Waspada! Modus Kejahatan Digital Makin Canggih, Masyarakat Diminta Tingkatkan Literasi

Waspada! Modus Kejahatan Digital Makin Canggih, Masyarakat Diminta Tingkatkan Literasi
Panggilan dari nomor yang telah ditandai sebagai “penipu” oleh pengguna aplikasi identifikasi nomor. Modus telepon spam menjadi salah satu bentuk kejahatan digital yang semakin sering dialami masyarakat.

Perkembangan teknologi digital yang semakin pesat membawa banyak manfaat bagi masyarakat. Namun, di sisi lain, kemajuan ini juga dimanfaatkan oleh oknum tidak bertanggung jawab untuk melakukan berbagai bentuk kejahatan digital. Dalam beberapa bulan terakhir, kasus penipuan online, phishing, hingga pencurian data pribadi mengalami peningkatan signifikan di berbagai daerah.

Modus yang digunakan pun semakin beragam. Pelaku kerap menyamar sebagai pihak perbankan, marketplace, bahkan aparat resmi melalui pesan singkat atau media sosial. Mereka mengirimkan tautan palsu yang menyerupai situs resmi dan meminta korban memasukkan data pribadi seperti PIN, OTP, atau nomor kartu identitas. Tanpa disadari, data tersebut kemudian digunakan untuk menguras rekening atau mengambil alih akun korban.

Selain itu, penipuan berkedok investasi dan lowongan kerja juga masih marak terjadi. Pelaku menjanjikan keuntungan besar dalam waktu singkat atau menawarkan pekerjaan dengan iming-iming gaji tinggi, namun meminta korban mentransfer sejumlah uang terlebih dahulu sebagai “biaya administrasi”.

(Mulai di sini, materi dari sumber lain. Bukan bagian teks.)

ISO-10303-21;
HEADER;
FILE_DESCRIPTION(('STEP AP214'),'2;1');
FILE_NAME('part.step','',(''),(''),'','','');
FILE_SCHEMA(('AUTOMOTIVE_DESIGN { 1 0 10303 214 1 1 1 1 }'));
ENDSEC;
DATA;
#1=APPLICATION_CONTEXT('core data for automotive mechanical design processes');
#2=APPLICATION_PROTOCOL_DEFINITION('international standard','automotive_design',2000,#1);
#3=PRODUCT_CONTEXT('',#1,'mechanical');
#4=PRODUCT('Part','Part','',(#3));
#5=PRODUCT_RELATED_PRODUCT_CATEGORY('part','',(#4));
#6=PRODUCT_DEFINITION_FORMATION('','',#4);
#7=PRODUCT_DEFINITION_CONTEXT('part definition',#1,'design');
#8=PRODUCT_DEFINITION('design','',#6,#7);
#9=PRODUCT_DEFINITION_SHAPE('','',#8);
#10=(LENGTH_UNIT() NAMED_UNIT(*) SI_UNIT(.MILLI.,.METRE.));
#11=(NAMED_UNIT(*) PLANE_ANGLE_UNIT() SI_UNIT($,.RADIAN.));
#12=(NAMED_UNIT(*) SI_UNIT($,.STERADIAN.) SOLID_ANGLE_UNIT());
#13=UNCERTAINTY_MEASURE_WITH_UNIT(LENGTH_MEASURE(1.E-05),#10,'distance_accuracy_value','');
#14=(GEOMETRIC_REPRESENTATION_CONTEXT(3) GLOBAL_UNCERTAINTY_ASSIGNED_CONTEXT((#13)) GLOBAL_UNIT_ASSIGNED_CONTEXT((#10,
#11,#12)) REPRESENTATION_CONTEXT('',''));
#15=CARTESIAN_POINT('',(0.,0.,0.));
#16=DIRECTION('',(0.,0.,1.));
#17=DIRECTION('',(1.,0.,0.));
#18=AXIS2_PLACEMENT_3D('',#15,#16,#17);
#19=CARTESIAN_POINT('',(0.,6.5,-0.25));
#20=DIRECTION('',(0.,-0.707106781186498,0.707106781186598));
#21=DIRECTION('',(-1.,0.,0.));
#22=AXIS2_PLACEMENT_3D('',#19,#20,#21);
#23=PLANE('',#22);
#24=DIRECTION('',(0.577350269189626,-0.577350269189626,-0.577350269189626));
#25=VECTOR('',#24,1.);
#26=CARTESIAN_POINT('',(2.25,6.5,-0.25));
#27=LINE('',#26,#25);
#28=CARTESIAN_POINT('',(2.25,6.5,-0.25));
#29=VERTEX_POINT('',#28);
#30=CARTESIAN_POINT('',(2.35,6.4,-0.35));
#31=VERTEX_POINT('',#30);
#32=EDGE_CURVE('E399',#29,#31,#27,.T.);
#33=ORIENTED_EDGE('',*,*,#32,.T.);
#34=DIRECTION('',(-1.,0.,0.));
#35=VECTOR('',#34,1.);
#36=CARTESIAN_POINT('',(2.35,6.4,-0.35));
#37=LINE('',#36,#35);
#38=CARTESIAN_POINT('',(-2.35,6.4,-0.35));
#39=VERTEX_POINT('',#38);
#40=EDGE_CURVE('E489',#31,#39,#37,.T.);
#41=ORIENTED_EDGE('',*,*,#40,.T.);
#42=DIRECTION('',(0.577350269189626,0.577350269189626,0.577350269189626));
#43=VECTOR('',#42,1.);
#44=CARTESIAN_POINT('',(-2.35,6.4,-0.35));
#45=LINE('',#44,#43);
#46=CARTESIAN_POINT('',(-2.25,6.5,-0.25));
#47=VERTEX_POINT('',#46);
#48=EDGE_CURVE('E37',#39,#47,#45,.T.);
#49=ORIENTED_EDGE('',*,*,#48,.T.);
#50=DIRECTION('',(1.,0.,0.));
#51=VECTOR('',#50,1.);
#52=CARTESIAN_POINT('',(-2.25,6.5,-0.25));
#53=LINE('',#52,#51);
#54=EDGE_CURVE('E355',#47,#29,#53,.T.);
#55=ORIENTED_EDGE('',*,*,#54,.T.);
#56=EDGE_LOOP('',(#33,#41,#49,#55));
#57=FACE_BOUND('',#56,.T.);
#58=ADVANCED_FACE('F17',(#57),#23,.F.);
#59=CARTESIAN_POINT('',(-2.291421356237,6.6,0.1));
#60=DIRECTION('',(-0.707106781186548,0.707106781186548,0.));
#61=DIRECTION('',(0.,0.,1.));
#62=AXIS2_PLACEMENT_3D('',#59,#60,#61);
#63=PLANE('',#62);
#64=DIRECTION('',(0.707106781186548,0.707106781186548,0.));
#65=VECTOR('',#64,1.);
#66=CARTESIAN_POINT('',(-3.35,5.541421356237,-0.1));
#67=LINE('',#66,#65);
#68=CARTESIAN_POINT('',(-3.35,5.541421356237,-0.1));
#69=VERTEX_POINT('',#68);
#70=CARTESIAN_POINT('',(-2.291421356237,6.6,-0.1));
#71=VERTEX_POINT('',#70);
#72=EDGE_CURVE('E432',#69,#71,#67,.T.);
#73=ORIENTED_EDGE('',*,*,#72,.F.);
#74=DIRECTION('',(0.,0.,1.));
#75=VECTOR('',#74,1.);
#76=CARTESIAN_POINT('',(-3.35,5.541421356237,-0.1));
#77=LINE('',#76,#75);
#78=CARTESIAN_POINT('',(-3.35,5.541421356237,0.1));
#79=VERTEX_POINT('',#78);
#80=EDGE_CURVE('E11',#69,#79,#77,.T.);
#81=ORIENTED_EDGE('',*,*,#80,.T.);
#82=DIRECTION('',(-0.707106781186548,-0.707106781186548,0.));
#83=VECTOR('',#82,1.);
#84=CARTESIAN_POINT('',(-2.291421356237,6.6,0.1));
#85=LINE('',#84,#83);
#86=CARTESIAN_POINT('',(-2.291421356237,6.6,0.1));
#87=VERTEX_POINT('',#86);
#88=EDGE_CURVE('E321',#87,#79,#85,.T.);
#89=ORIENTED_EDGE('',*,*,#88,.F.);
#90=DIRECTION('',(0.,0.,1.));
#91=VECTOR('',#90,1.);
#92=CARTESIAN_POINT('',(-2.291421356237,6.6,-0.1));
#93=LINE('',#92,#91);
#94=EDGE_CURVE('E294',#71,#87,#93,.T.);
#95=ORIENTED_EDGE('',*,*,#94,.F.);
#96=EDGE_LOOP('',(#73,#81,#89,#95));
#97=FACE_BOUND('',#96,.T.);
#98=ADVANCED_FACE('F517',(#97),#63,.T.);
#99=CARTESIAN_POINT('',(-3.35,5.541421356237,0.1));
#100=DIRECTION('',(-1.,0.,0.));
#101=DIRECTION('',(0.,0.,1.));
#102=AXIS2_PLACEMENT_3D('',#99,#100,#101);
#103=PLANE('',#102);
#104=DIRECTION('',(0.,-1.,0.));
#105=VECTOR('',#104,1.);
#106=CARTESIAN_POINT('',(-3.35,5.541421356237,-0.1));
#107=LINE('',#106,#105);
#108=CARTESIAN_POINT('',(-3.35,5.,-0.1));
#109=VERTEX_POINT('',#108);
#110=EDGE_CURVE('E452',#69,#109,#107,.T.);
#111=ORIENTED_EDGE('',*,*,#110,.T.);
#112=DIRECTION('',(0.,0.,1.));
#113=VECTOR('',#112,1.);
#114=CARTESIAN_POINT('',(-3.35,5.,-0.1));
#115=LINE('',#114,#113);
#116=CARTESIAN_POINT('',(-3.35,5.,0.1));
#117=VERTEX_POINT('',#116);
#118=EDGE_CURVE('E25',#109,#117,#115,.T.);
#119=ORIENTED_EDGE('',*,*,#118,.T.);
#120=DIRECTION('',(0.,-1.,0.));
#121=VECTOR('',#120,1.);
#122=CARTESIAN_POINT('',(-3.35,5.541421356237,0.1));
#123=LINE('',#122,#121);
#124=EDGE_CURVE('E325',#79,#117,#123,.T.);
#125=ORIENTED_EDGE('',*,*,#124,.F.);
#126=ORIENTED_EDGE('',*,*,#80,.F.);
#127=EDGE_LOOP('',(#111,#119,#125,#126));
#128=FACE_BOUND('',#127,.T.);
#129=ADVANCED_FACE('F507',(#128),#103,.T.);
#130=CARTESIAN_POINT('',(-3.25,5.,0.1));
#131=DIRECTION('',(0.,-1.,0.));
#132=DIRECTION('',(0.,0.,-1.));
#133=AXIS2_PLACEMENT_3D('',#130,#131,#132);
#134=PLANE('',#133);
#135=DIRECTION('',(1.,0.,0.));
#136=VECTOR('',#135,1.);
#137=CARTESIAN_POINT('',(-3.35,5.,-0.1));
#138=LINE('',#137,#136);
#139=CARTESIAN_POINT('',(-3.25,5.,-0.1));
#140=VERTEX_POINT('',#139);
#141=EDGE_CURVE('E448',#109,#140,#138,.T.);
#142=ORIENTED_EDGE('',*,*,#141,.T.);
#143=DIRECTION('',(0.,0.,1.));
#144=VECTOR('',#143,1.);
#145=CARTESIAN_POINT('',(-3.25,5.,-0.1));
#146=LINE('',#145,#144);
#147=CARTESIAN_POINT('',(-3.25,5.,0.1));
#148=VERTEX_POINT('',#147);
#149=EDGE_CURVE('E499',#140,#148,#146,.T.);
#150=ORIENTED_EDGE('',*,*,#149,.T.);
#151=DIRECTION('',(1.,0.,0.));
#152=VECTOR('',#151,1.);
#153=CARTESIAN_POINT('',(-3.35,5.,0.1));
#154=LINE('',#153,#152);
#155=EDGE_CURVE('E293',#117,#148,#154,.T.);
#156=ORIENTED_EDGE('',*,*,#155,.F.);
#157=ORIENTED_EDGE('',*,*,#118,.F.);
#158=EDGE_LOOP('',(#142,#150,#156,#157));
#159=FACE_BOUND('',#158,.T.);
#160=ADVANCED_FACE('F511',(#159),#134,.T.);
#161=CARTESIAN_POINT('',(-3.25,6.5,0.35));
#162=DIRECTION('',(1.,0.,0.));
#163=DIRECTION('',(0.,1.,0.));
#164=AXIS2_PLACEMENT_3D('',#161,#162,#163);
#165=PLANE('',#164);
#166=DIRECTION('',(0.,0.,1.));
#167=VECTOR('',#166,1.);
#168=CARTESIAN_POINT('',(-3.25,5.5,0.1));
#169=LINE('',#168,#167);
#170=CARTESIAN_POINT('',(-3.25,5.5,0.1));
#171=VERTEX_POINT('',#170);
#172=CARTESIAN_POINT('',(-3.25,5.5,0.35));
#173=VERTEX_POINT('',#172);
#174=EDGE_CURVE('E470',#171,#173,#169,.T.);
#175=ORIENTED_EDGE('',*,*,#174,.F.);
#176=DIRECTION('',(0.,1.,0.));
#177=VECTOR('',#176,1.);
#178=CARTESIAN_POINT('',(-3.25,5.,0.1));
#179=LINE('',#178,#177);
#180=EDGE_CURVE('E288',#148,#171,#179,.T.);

Belakangan ini, modus penipuan melalui telepon spam juga semakin sering terjadi. Pelaku biasanya melakukan panggilan berulang dari nomor yang tidak dikenal. Dalam beberapa kasus, nomor tersebut bahkan telah dilaporkan oleh banyak pengguna sebagai nomor berisiko tinggi. Modusnya bermacam-macam, mulai dari mengaku sebagai petugas pajak, aparat kepolisian, hingga pihak ekspedisi yang menginformasikan adanya paket bermasalah.

Beberapa korban mengaku menerima panggilan berkali-kali dalam satu hari dari nomor yang sama. Hal ini tidak hanya mengganggu, tetapi juga berpotensi menjadi upaya penipuan jika korban terpancing untuk memberikan informasi pribadi. Pada beberapa aplikasi identifikasi nomor, nomor tersebut bahkan sudah diberi label seperti “penipu”, “spam”, atau “modus paket”.

Fenomena ini menunjukkan bahwa kejahatan digital kini tidak hanya terjadi melalui pesan atau tautan internet, tetapi juga melalui panggilan telepon langsung. Oleh karena itu, masyarakat diminta lebih berhati-hati ketika menerima telepon dari nomor yang tidak dikenal.

Aparat penegak hukum mengimbau masyarakat untuk lebih berhati-hati dan tidak mudah percaya pada informasi yang belum terverifikasi. Beberapa langkah pencegahan yang dapat dilakukan antara lain:

  • Tidak membagikan kode OTP kepada siapa pun
  • Memastikan alamat situs resmi sebelum memasukkan data pribadi
  • Mengaktifkan verifikasi dua langkah pada akun penting
  • Tidak mengangkat atau menanggapi panggilan dari nomor yang mencurigakan
  • Segera memblokir dan melaporkan nomor yang terindikasi spam atau penipuan

Literasi digital menjadi kunci utama dalam mencegah kejahatan siber. Dengan pemahaman yang baik tentang keamanan digital, masyarakat dapat melindungi diri dari ancaman yang semakin kompleks.

Keamanan digital bukan hanya tanggung jawab aparat, tetapi juga kesadaran bersama untuk menciptakan ruang digital yang aman dan terpercaya.